Chapter 18 Solutions

Contributed by Joseph Murrey and Yingjian Cao 2017

18.1 Lawyer’s Optimal effort maximizes his surplus.

\[\max_{l} \frac{1}{3}l-\frac{l^2}{2}\]

FOC:

\(\frac{1}{3} - l = 0\)

\(\Rightarrow l = \frac{1}{3}\)

Lawyer’s surplus: \((\frac{1}{3})^2 - \frac{1}{2}(\frac{1}{3})^2 = \frac{1}{18}\)

Plaintiff’s surplus: \(l - \frac{1}{3}l = \frac{1}{3} -\frac{1}{3}*\frac{1}{3} = \frac{2}{9}\)

  1. \[\max_{c} cl - \frac{l^2}{2}\]

FOC: \(c - l = 0\)

\(l^* = c\)

Lawyer’s surplus: \(c^2 - \frac{1}{2}c^2 = \frac{1}{2}c^2\)

Plaintiff’s surplus: \(l-cl=l(1-c)\)

  1. max plaintiff’s surplus, \[\max_{c} (1-c)c\]

FOC: \(1 - 2c = 0 \Rightarrow c^* = \frac{1}{2}\)

Lawyer’s surplus: \(\frac{1}{2}(\frac{1}{2})^2 = \frac{1}{8}\)

Plaintiff’s surplus: \(\frac{1}{2} - (\frac{1}{2})^2 = \frac{1}{4}\)

  1. Lawyer’s surplus:

\[\max_{l} cl - \frac{l^2}{2} - p\]

FOC: \(c - l = 0 \Rightarrow l^* = c\)

Plaintiff’s surplus: \(l - cl + p = c - c^2 + P\)

\[\max_{c} c - c^2 + P\]

s.t. \(cl - \frac{l^2}{2} - P \leq 0\) Lawyer’s participation constraint

\[\max_{c} c - c^2 + P\]
s.t. \(c^2 - \frac{c^2}{2} - P \leq 0\)

Setting the inquality equal to 0, \(P = \frac{1}{2}c^2\). Now sub the condition from the participation constraint into the Plaintiff’s surplus. Then you can find the c that maximizes the plaintiff’s surplus given that he will take \(p = \frac{1}{2}c^2\) upfront.
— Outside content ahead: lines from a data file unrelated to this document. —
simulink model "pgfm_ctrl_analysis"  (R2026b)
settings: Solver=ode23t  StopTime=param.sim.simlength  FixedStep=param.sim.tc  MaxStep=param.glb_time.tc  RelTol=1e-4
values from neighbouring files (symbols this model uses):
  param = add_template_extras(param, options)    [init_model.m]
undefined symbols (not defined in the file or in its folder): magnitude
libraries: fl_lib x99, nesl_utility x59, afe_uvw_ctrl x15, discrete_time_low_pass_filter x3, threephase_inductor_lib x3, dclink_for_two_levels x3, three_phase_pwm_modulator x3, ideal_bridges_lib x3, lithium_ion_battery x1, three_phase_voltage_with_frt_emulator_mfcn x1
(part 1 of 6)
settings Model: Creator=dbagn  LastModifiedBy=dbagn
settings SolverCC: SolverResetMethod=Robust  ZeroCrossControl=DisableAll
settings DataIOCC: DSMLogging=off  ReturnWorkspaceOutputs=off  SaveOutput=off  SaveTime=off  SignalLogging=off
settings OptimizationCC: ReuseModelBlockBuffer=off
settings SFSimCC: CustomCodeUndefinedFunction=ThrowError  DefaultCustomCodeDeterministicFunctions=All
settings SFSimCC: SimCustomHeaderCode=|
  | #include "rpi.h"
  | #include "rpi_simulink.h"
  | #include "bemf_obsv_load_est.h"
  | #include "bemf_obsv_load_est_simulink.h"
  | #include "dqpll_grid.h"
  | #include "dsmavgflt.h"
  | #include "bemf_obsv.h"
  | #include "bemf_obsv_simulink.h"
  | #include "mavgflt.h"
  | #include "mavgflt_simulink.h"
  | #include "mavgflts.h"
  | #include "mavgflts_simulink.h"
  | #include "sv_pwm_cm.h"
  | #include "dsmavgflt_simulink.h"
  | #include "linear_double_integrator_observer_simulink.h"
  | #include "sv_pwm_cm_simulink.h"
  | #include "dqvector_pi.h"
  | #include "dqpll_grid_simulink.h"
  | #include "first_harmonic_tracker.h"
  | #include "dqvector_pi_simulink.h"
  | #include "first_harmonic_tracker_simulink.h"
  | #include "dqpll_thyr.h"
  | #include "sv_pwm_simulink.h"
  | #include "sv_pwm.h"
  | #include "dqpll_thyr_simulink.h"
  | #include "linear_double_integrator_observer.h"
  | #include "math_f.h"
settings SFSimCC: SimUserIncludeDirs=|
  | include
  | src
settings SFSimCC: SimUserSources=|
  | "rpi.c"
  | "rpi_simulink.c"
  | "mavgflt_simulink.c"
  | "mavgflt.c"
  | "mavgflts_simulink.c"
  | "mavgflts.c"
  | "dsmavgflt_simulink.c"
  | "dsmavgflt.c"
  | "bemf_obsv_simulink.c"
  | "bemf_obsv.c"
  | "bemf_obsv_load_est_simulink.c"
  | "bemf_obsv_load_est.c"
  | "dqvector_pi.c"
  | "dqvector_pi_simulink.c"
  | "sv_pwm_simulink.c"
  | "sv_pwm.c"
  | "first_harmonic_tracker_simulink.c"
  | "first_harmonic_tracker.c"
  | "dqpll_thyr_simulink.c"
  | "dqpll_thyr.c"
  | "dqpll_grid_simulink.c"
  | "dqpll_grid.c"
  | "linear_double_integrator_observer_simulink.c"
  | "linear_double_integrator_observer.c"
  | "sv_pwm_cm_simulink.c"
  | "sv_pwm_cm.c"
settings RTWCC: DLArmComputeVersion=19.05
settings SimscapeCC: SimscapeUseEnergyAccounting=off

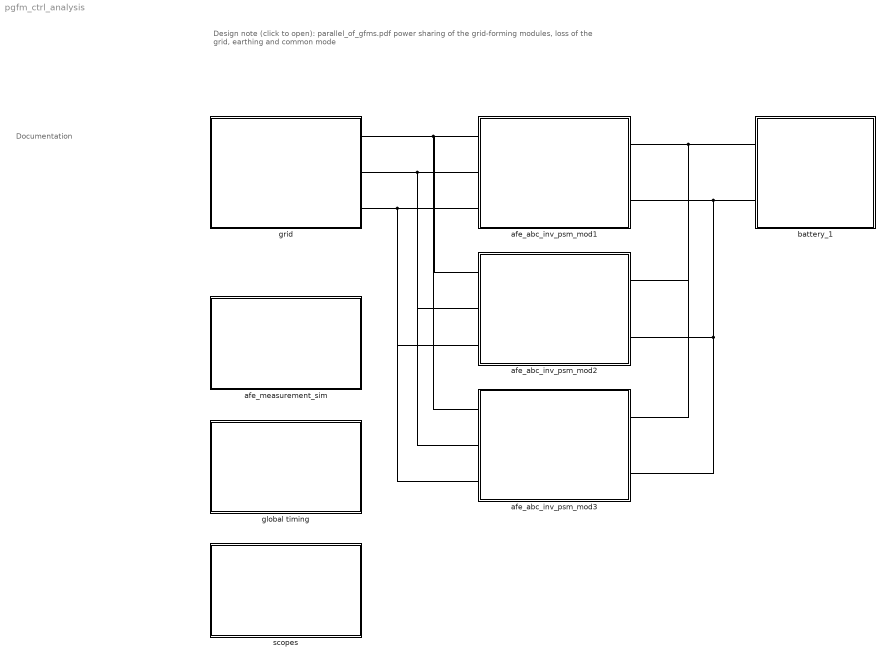
== system pgfm_ctrl_analysis ==
  note: Documentation
  note: Design note (click to open): parallel_of_gfms.pdf
      | power sharing of the grid-forming modules, loss of the grid, earthing and common mode
  afe_abc_inv_psm_mod1 : Subsystem
  afe_abc_inv_psm_mod2 : Subsystem
  afe_abc_inv_psm_mod3 : Subsystem
  afe_measurement_sim : Subsystem
  battery_1 : Subsystem
  global timing : Subsystem
  grid : Subsystem
  scopes : Subsystem
  connections:
  grid/RConn1 -- afe_abc_inv_psm_mod3/LConn1 -- afe_abc_inv_psm_mod2/LConn1 -- afe_abc_inv_psm_mod1/LConn1
  grid/RConn3 -- afe_abc_inv_psm_mod3/LConn3 -- afe_abc_inv_psm_mod2/LConn3 -- afe_abc_inv_psm_mod1/LConn3
  afe_abc_inv_psm_mod1/LConn2 -- afe_abc_inv_psm_mod3/LConn2 -- afe_abc_inv_psm_mod2/LConn2 -- grid/RConn2
  battery_1/RConn1 -- afe_abc_inv_psm_mod3/RConn1 -- afe_abc_inv_psm_mod2/RConn1 -- afe_abc_inv_psm_mod1/RConn1
  battery_1/RConn2 -- afe_abc_inv_psm_mod3/RConn2 -- afe_abc_inv_psm_mod2/RConn2 -- afe_abc_inv_psm_mod1/RConn2

== system pgfm_ctrl_analysis/afe_abc_inv_psm_mod1 ==
  AFE_control : Subsystem
  LCL_filter : Subsystem
  afe : Subsystem
  ug_a : PMIOPort  Side=Left
  ug_b : PMIOPort  Port=2  Side=Left
  ug_c : PMIOPort  Port=3  Side=Left
  Udc(+) : PMIOPort  Port=4  Side=Right
  Udc(-) : PMIOPort  Port=5  Side=Right
  wires:
  AFE_control/1(dabc_out) -> afe/1(dabc)
  connections:
  LCL_filter/LConn1 -- afe/LConn1
  LCL_filter/LConn2 -- afe/LConn2
  LCL_filter/LConn3 -- afe/LConn3
  ug_a/RConn1 -- LCL_filter/RConn1
  ug_b/RConn1 -- LCL_filter/RConn2
  ug_c/RConn1 -- LCL_filter/RConn3
  Udc(+)/RConn1 -- afe/RConn1
  afe/RConn2 -- Udc(-)/RConn1

== system pgfm_ctrl_analysis/afe_abc_inv_psm_mod2 ==
  AFE_control : Subsystem
  LCL_filter : Subsystem
  afe : Subsystem
  ug_a : PMIOPort  Side=Left
  ug_b : PMIOPort  Port=2  Side=Left
  ug_c : PMIOPort  Port=3  Side=Left
  Udc(+) : PMIOPort  Port=4  Side=Right
  Udc(-) : PMIOPort  Port=5  Side=Right
  wires:
  AFE_control/1(dabc_out) -> afe/1(dabc)
  connections:
  afe/RConn2 -- Udc(-)/RConn1
  Udc(+)/RConn1 -- afe/RConn1
  ug_c/RConn1 -- LCL_filter/RConn3
  ug_b/RConn1 -- LCL_filter/RConn2
  ug_a/RConn1 -- LCL_filter/RConn1
  LCL_filter/LConn3 -- afe/LConn3
  LCL_filter/LConn2 -- afe/LConn2
  LCL_filter/LConn1 -- afe/LConn1

== system pgfm_ctrl_analysis/afe_abc_inv_psm_mod3 ==
  AFE_control : Subsystem
  LCL_filter : Subsystem
  afe : Subsystem
  ug_a : PMIOPort  Side=Left
  ug_b : PMIOPort  Port=2  Side=Left
  ug_c : PMIOPort  Port=3  Side=Left
  Udc(+) : PMIOPort  Port=4  Side=Right
  Udc(-) : PMIOPort  Port=5  Side=Right
  wires:
  AFE_control/1(dabc_out) -> afe/1(dabc)
  connections:
  LCL_filter/LConn1 -- afe/LConn1
  LCL_filter/LConn2 -- afe/LConn2
  LCL_filter/LConn3 -- afe/LConn3
  ug_a/RConn1 -- LCL_filter/RConn1
  ug_b/RConn1 -- LCL_filter/RConn2
  ug_c/RConn1 -- LCL_filter/RConn3
  Udc(+)/RConn1 -- afe/RConn1
  afe/RConn2 -- Udc(-)/RConn1

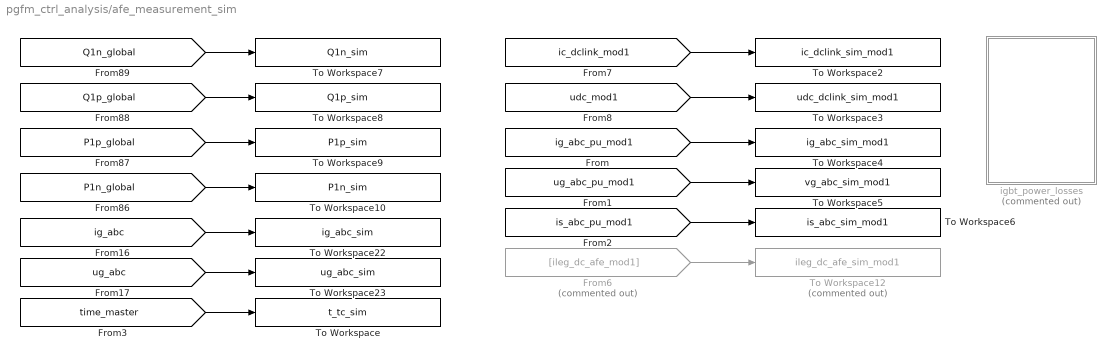
== system pgfm_ctrl_analysis/afe_measurement_sim ==
  From6 : From  Commented=on  GotoTag=ileg_dc_afe_mod1
  To Workspace : ToWorkspace  VariableName=t_tc_sim  SampleTime=param.glb_time.tc
      settings: MaxDataPoints=param.glb_time.Nc
  To Workspace10 : ToWorkspace  VariableName=P1n_sim  SampleTime=param.glb_time.ts_afe
      settings: MaxDataPoints=param.glb_time.Ns_afe
  To Workspace12 : ToWorkspace  Commented=on  VariableName=ileg_dc_afe_sim_mod1  SampleTime=param.glb_time.tc
      settings: MaxDataPoints=param.glb_time.Nc
  To Workspace2 : ToWorkspace  VariableName=ic_dclink_sim_mod1  SampleTime=param.glb_time.tc
      settings: MaxDataPoints=param.glb_time.Nc
  To Workspace22 : ToWorkspace  VariableName=ig_abc_sim  SampleTime=param.glb_time.tc
      settings: MaxDataPoints=param.glb_time.Nc
  To Workspace23 : ToWorkspace  VariableName=ug_abc_sim  SampleTime=param.glb_time.tc
      settings: MaxDataPoints=param.glb_time.Nc
  To Workspace3 : ToWorkspace  VariableName=udc_dclink_sim_mod1  SampleTime=param.glb_time.tc
      settings: MaxDataPoints=param.glb_time.Nc
  To Workspace4 : ToWorkspace  VariableName=ig_abc_sim_mod1  SampleTime=param.glb_time.tc
      settings: MaxDataPoints=param.glb_time.Nc
  To Workspace5 : ToWorkspace  VariableName=vg_abc_sim_mod1  SampleTime=param.glb_time.tc
      settings: MaxDataPoints=param.glb_time.Nc
  To Workspace6 : ToWorkspace  VariableName=is_abc_sim_mod1  SampleTime=param.glb_time.tc
      settings: MaxDataPoints=param.glb_time.Nc
  To Workspace7 : ToWorkspace  VariableName=Q1n_sim  SampleTime=param.glb_time.ts_afe
      settings: MaxDataPoints=param.glb_time.Ns_afe
  To Workspace8 : ToWorkspace  VariableName=Q1p_sim  SampleTime=param.glb_time.ts_afe
      settings: MaxDataPoints=param.glb_time.Ns_afe
  To Workspace9 : ToWorkspace  VariableName=P1p_sim  SampleTime=param.glb_time.ts_afe
      settings: MaxDataPoints=param.glb_time.Ns_afe
  igbt_power_losses : Subsystem  Commented=on
  wires:
  [time_master] -> To Workspace/1
  [Q1n_global] -> To Workspace7/1
  [Q1p_global] -> To Workspace8/1
  [P1p_global] -> To Workspace9/1
  [P1n_global] -> To Workspace10/1
  [ug_abc] -> To Workspace23/1
  [ig_abc] -> To Workspace22/1
  [ug_abc_pu_mod1] -> To Workspace5/1
  [ig_abc_pu_mod1] -> To Workspace4/1
  From6/1 -> To Workspace12/1
  [udc_mod1] -> To Workspace3/1
  [ic_dclink_mod1] -> To Workspace2/1
  [is_abc_pu_mod1] -> To Workspace6/1

== system pgfm_ctrl_analysis/battery_1 ==
  Electrical Reference1 : fl_lib/Electrical/Electrical Elements/Electrical Reference
  HF and Ground Network : Subsystem
  To Workspace14 : ToWorkspace  VariableName=battery_1_data_sim  SampleTime=param.glb_time.tc
      settings: MaxDataPoints=param.glb_time.Nc  Decimation=param.glb_time.decimation_tc
  lithium ion battery : Scope
      settings: ActiveDisplayYMinimum=-3613.5737689566768  ActiveDisplayYMaximum=22003.145712945909  DataLoggingVariableName=ScopeData3
  lithium_ion_battery : lithium_ion_battery/lithium_ion_battery  Q=param.battery.pack_1.Q  number_of_cells=param.battery.pack_1.number_of_cells  E_1=param.battery.pack_1.E_1  E0=param.battery.pack_1.E0  E1=param.battery.pack_1.E1  E2=param.battery.pack_1.E2  E3=param.battery.pack_1.E3  Elog=param.battery.pack_1.Elog  R0=param.battery.pack_1.R0  R1=param.battery.pack_1.R1  C1=param.battery.pack_1.C1  M=param.battery.pack_1.M  alpha=param.battery.pack_1.alpha  soc_init=param.battery.pack_1.soc_init  ts_battery=param.glb_time.ts_dab  q1Kalman=param.battery.pack_1.q1Kalman  q2Kalman=param.battery.pack_1.q2Kalman  q3Kalman=param.battery.pack_1.q3Kalman  rKalman=param.battery.pack_1.rKalman  tc=param.glb_time.tc  enable_white_noise_m=0  battery_voltage_init_m=param.battery.nominal_battery_voltage_1
  single_phase_ui_measure : Subsystem
  dc(+) : PMIOPort  Side=Right
  dc(-) : PMIOPort  Port=2  Side=Right
  wires:
  lithium_ion_battery/1 -> To Workspace14/1, lithium ion battery/1
  connections:
  single_phase_ui_measure/RConn1 -- dc(+)/RConn1
  single_phase_ui_measure/LConn1 -- HF and Ground Network/LConn1 -- lithium_ion_battery/RConn1
  dc(-)/RConn1 -- single_phase_ui_measure/RConn2
  single_phase_ui_measure/LConn2 -- HF and Ground Network/LConn2 -- lithium_ion_battery/RConn2
  HF and Ground Network/RConn1 -- Electrical Reference1/LConn1

== system pgfm_ctrl_analysis/global timing ==
  Unit Delay : UnitDelay  SampleTime=param.glb_time.tc
  Unit Delay1 : UnitDelay  SampleTime=param.glb_time.tc
  Unit Delay2 : UnitDelay  SampleTime=param.glb_time.tc
  time_afe1 : Subsystem  mask{k=param.afe.behav.time_gain_module_1}
      mask prompts: k "Time Gain"
      mask Display:
      | disp('time-gen');
      | port_label('input', 1, 'crt');
      | port_label('output', 1, 'tout');
  time_afe2 : Subsystem  mask{k=param.afe.behav.time_gain_module_2}
      mask prompts: k "Time Gain"
      mask Display:
      | disp('time-gen');
      | port_label('input', 1, 'crt');
      | port_label('output', 1, 'tout');
  time_afe3 : Subsystem  mask{k=param.afe.behav.time_gain_module_3}
      mask prompts: k "Time Gain"
      mask Display:
      | disp('time-gen');
      | port_label('input', 1, 'crt');
      | port_label('output', 1, 'tout');
  time_master : Subsystem  mask{k=1}
      mask prompts: k "Time Gain"
      mask Display:
      | disp('time-gen');
      | port_label('output', 1, 'tout');
  tag scope: time_afe_module_1=global, time_afe_module_2=global, time_afe_module_3=global, time_master=global
  wires:
  time_afe1/1(Out1) -> [time_afe_module_1]
  time_afe2/1(Out1) -> [time_afe_module_2]
  time_master/1(Out1) -> [time_master]
  [local_time_corr_afe1] -> Unit Delay/1
  Unit Delay/1 -> time_afe1/1(correction_time)
  [local_time_corr_afe2] -> Unit Delay1/1
  Unit Delay1/1 -> time_afe2/1(correction_time)
  [local_time_corr_afe3] -> Unit Delay2/1
  Unit Delay2/1 -> time_afe3/1(correction_time)
  time_afe3/1(Out1) -> [time_afe_module_3]

== system pgfm_ctrl_analysis/grid ==
  grid_emulator : Subsystem
  power meter iec mfunc : Subsystem
  threephase_vi_measures : Subsystem
  ua : PMIOPort  Side=Right
  ub : PMIOPort  Port=2  Side=Right
  uc : PMIOPort  Port=3  Side=Right
  connections:
  threephase_vi_measures/LConn3 -- grid_emulator/RConn3
  threephase_vi_measures/LConn1 -- grid_emulator/RConn1
  threephase_vi_measures/RConn2 -- ub/RConn1
  threephase_vi_measures/LConn2 -- grid_emulator/RConn2
  threephase_vi_measures/RConn1 -- ua/RConn1
  threephase_vi_measures/RConn3 -- uc/RConn1

== system pgfm_ctrl_analysis/scopes ==
  grid_afe_side : Subsystem
  igbt_power_losses : Subsystem  Commented=on
  mosfet_power_losses : Subsystem  Commented=on

== system pgfm_ctrl_analysis/afe_abc_inv_psm_mod1/AFE_control ==
  To Workspace : ToWorkspace  VariableName=afe_ctrl_data_output_mod1  SampleTime=param.glb_time.ts_afe
      settings: MaxDataPoints=param.glb_time.Ns_afe
  afe_control : Subsystem
  dabc_out : Outport
  tag scope: local_time_corr_afe1=global
  wires:
  [TRGO_afe_module_1] -> afe_control/Trigger
  [ug_abc_pu_mod1] -> afe_control/1(ug_abc_pu)
  [is_abc_pu_mod1] -> afe_control/4(is_abc_pu)
  [vdc_pu_afe_mod1] -> afe_control/2(udc_pu)
  afe_control/1(duvw) -> dabc_out/1
  [ig_abc_pu_mod1] -> afe_control/3(ig_abc_pu)
  [time_afe_module_1] -> afe_control/5(local_time)
  [time_master] -> afe_control/6(master_time)
  [phase_grid_emulator] -> afe_control/7(grid_phase)
  afe_control/3(m_data) -> To Workspace/1
  afe_control/2(AFE1_local_time_corr) -> [local_time_corr_afe1]

== system pgfm_ctrl_analysis/afe_abc_inv_psm_mod1/LCL_filter ==
  CFu1 : fl_lib/Electrical/Electrical Elements/Capacitor  c=param.afe.hw.CFu F  r=param.afe.hw.RCFu Ohm  g=0 1/Ohm  i_specify=off  i_priority=None  i=0 A  i_nominal_specify=off  i_nominal_value=1  i_nominal_unit=A  v_specify=off  v_priority=None  v=0 V  v_nominal_specify=off  v_nominal_value=1  v_nominal_unit=V  vc_specify=off  vc_priority=High  vc=0 V  vc_nominal_specify=off  vc_nominal_value=1  vc_nominal_unit=V
  CFu2 : fl_lib/Electrical/Electrical Elements/Capacitor  c=param.afe.hw.CFu F  r=param.afe.hw.RCFu Ohm  g=0 1/Ohm  i_specify=off  i_priority=None  i=0 A  i_nominal_specify=off  i_nominal_value=1  i_nominal_unit=A  v_specify=off  v_priority=None  v=0 V  v_nominal_specify=off  v_nominal_value=1  v_nominal_unit=V  vc_specify=off  vc_priority=High  vc=0 V  vc_nominal_specify=off  vc_nominal_value=1  vc_nominal_unit=V
  CFu3 : fl_lib/Electrical/Electrical Elements/Capacitor  c=param.afe.hw.CFu F  r=param.afe.hw.RCFu Ohm  g=0 1/Ohm  i_specify=off  i_priority=None  i=0 A  i_nominal_specify=off  i_nominal_value=1  i_nominal_unit=A  v_specify=off  v_priority=None  v=0 V  v_nominal_specify=off  v_nominal_value=1  v_nominal_unit=V  vc_specify=off  vc_priority=High  vc=0 V  vc_nominal_specify=off  vc_nominal_value=1  vc_nominal_unit=V
  Inductor : fl_lib/Electrical/Electrical Elements/Inductor  l=1e-6 H  r=0 Ohm  g=1e-9 1/Ohm  i_specify=on  i_priority=High  i=0 A  i_nominal_specify=off  i_nominal_value=1  i_nominal_unit=A  v_specify=off  v_priority=None  v=0 V  v_nominal_specify=off  v_nominal_value=1  v_nominal_unit=V  i_L_specify=off  i_L_priority=High  i_L=0 A  i_L_nominal_specify=off  i_L_nominal_value=1  i_L_nominal_unit=A
  Inductor1 : fl_lib/Electrical/Electrical Elements/Inductor  l=1e-6 H  r=0 Ohm  g=1e-9 1/Ohm  i_specify=on  i_priority=High  i=0 A  i_nominal_specify=off  i_nominal_value=1  i_nominal_unit=A  v_specify=off  v_priority=None  v=0 V  v_nominal_specify=off  v_nominal_value=1  v_nominal_unit=V  i_L_specify=off  i_L_priority=High  i_L=0 A  i_L_nominal_specify=off  i_L_nominal_value=1  i_L_nominal_unit=A
  Inductor2 : fl_lib/Electrical/Electrical Elements/Inductor  l=1e-6 H  r=0 Ohm  g=1e-9 1/Ohm  i_specify=on  i_priority=High  i=0 A  i_nominal_specify=off  i_nominal_value=1  i_nominal_unit=A  v_specify=off  v_priority=None  v=0 V  v_nominal_specify=off  v_nominal_value=1  v_nominal_unit=V  i_L_specify=off  i_L_priority=High  i_L=0 A  i_L_nominal_specify=off  i_L_nominal_value=1  i_L_nominal_unit=A
  threephase inductor : threephase_inductor_lib/threephase inductor  Lp=param.afe.hw.LFu H  L0=param.afe.hw.LFu_cm H  Rp=param.afe.hw.RLFu Ohm  R0=param.afe.hw.RLFu_cm Ohm  Lls=5e-6 H  uu_1_specify=off  uu_1_priority=None  uu_1=0 V  uu_1_nominal_specify=off  uu_1_nominal_value=1  uu_1_nominal_unit=V  uv_1_specify=off  uv_1_priority=None  uv_1=0 V  uv_1_nominal_specify=off  uv_1_nominal_value=1  uv_1_nominal_unit=V  uw_1_specify=off  uw_1_priority=None  uw_1=0 V  uw_1_nominal_specify=off  uw_1_nominal_value=1  uw_1_nominal_unit=V  uu_2_specify=off  uu_2_priority=None  uu_2=0 V  uu_2_nominal_specify=off  uu_2_nominal_value=1  uu_2_nominal_unit=V  uv_2_specify=off  uv_2_priority=None  uv_2=0 V  uv_2_nominal_specify=off  uv_2_nominal_value=1  uv_2_nominal_unit=V  uw_2_specify=off  uw_2_priority=None  uw_2=0 V  uw_2_nominal_specify=off  uw_2_nominal_value=1  uw_2_nominal_unit=V  iu_specify=off  iu_priority=High  iu=0 A  iu_nominal_specify=off  iu_nominal_value=1  iu_nominal_unit=A  iv_specify=off  iv_priority=High  iv=0 A  iv_nominal_specify=off  iv_nominal_value=1  iv_nominal_unit=A  iw_specify=off  iw_priority=High  iw=0 A  iw_nominal_specify=off  iw_nominal_value=1  iw_nominal_unit=A
  threephase_vi_measures_stack : Subsystem
  threephase_vi_measures_stack1 : Subsystem
  us_a : PMIOPort  Side=Left
  ug_a : PMIOPort  Port=2  Side=Right
  us_b : PMIOPort  Port=3  Side=Left
  ug_b : PMIOPort  Port=4  Side=Right
  us_c : PMIOPort  Port=5  Side=Left
  ug_c : PMIOPort  Port=6  Side=Right
  connections:
  CFu1/RConn1 -- CFu3/RConn1 -- CFu2/RConn1
  Inductor/RConn1 -- threephase_vi_measures_stack1/LConn1 -- CFu1/LConn1
  Inductor2/RConn1 -- CFu3/LConn1 -- threephase_vi_measures_stack1/LConn3
  Inductor1/RConn1 -- CFu2/LConn1 -- threephase_vi_measures_stack1/LConn2
  threephase_vi_measures_stack/LConn1 -- us_a/RConn1
  threephase_vi_measures_stack/LConn2 -- us_b/RConn1
  threephase_vi_measures_stack/LConn3 -- us_c/RConn1
  threephase_vi_measures_stack/RConn1 -- threephase inductor/LConn1
  threephase_vi_measures_stack/RConn2 -- threephase inductor/LConn2
  threephase_vi_measures_stack/RConn3 -- threephase inductor/LConn3
  threephase inductor/RConn1 -- Inductor/LConn1
  Inductor1/LConn1 -- threephase inductor/RConn2
  Inductor2/LConn1 -- threephase inductor/RConn3
  ug_a/RConn1 -- threephase_vi_measures_stack1/RConn1
  ug_b/RConn1 -- threephase_vi_measures_stack1/RConn2
  ug_c/RConn1 -- threephase_vi_measures_stack1/RConn3

== system pgfm_ctrl_analysis/afe_abc_inv_psm_mod1/afe ==
  dabc : Inport
  Bus Selector : BusSelector  OutputSignals=vdc_pu
  Bus Selector1 : BusSelector  OutputSignals=udc,udc_p_gnd,udc_centertap_gnd,udc_n_gnd  OutputAsBus=on
  Bus Selector2 : BusSelector  OutputSignals=udc
  Bus Selector3 : BusSelector  OutputSignals=Cdc1_current
  dclink1 : dclink_for_two_levels/dclink  Cdc=param.afe.hw.CFi  Rudc_measure=1e6  Vdc_scale=param.afe.hw.udc_nom
  sv_pwm : Subsystem
  three_phase_inverter_ideal_switch_based_model : Subsystem
  us_a : PMIOPort  Side=Left
  us_b : PMIOPort  Port=2  Side=Left
  us_c : PMIOPort  Port=3  Side=Left
  Udc(+) : PMIOPort  Port=4  Side=Right
  Udc(-) : PMIOPort  Port=5  Side=Right
  tag scope: all_voltages_about_dclink=global, ic_dclink_mod1=global, udc_mod1=global, vdc_pu_afe_mod1=global, vdc_pu_inv_mod1=global
  wires:
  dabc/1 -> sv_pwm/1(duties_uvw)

\[\max_{c} c - c^2 + \frac{1}{2}c^2\]

FOC: \(1 - 2c + c = 0 \Rightarrow 1 -c = 0 \Rightarrow c^* = 1\)

Now calculating the surplus of laywer and plaintiff.

\(P = \frac{1}{2}\)
Lawyer surplus \(= 0\)

18.4

  1. \[prem=\$5,000\]

\[U=\ln(20,000-5,000)=9.616\]

  1. \[prem=\$2500\]

\[EU=0.5\ln(20k-5k-2.5k)+0.5\ln(20k-2.5k)=9.602\] (a) is better.

  1. \[prem=3500\] \[EU=0.5\ln(20k-3500-1750)+0.5\ln(20k-1750)=9.706\] They would rather take more care and buy partial insurance.

(Solution to this moral hazard problem has to get resort to share in the risk)

18.5

Lefties no ins

\[EU=0.8\ln(9,000)+0.2\ln(10,000)=9.1261\]

Righties no ins

\[EU=0.2\ln(9,000)+0.8\ln(10,000)=9.1893\]

L Premium:

\[\ln(10,000-P_L)=9.1261\]

\[P_L=\$807.897\]

(monopolist gets max WTP)

R Premium:

\[\ln(10,000-P_R)=9.1893\] \[P_R=\$208\]

\(\hspace{0.3cm}max\hspace{0.3cm}0.5(P_L-0.8\cdot1000)+0.5(P_R-0.2\cdot X_R)\) (Insurers profit)

\(^{P_L,P_R,X_R}\)

Subject to participation constraint for righties \[0.2\ln(\$10k-P_R+X_R)+0.8\ln(\$10k-P_R)\geq0.91893\]

(low risk participates)

&Incentive compatability constraint for lefties \[\ln(10k-P_L)\geq0.2\ln(10k-P_R+X_R)+0.8\ln(10k-P_R)\]

\(^{full insurance designed for lefties}\hspace{1cm} ^{partial insurance designed for righties}\)

Prices and coverage are such that high risk type does not even want to pretend to be low risk type.

Notice that for moral hazard partial coverage corrected the bad behavior.

Here full coverage for the high risk corrects the bad outcome (if prices & coverage level set correctly).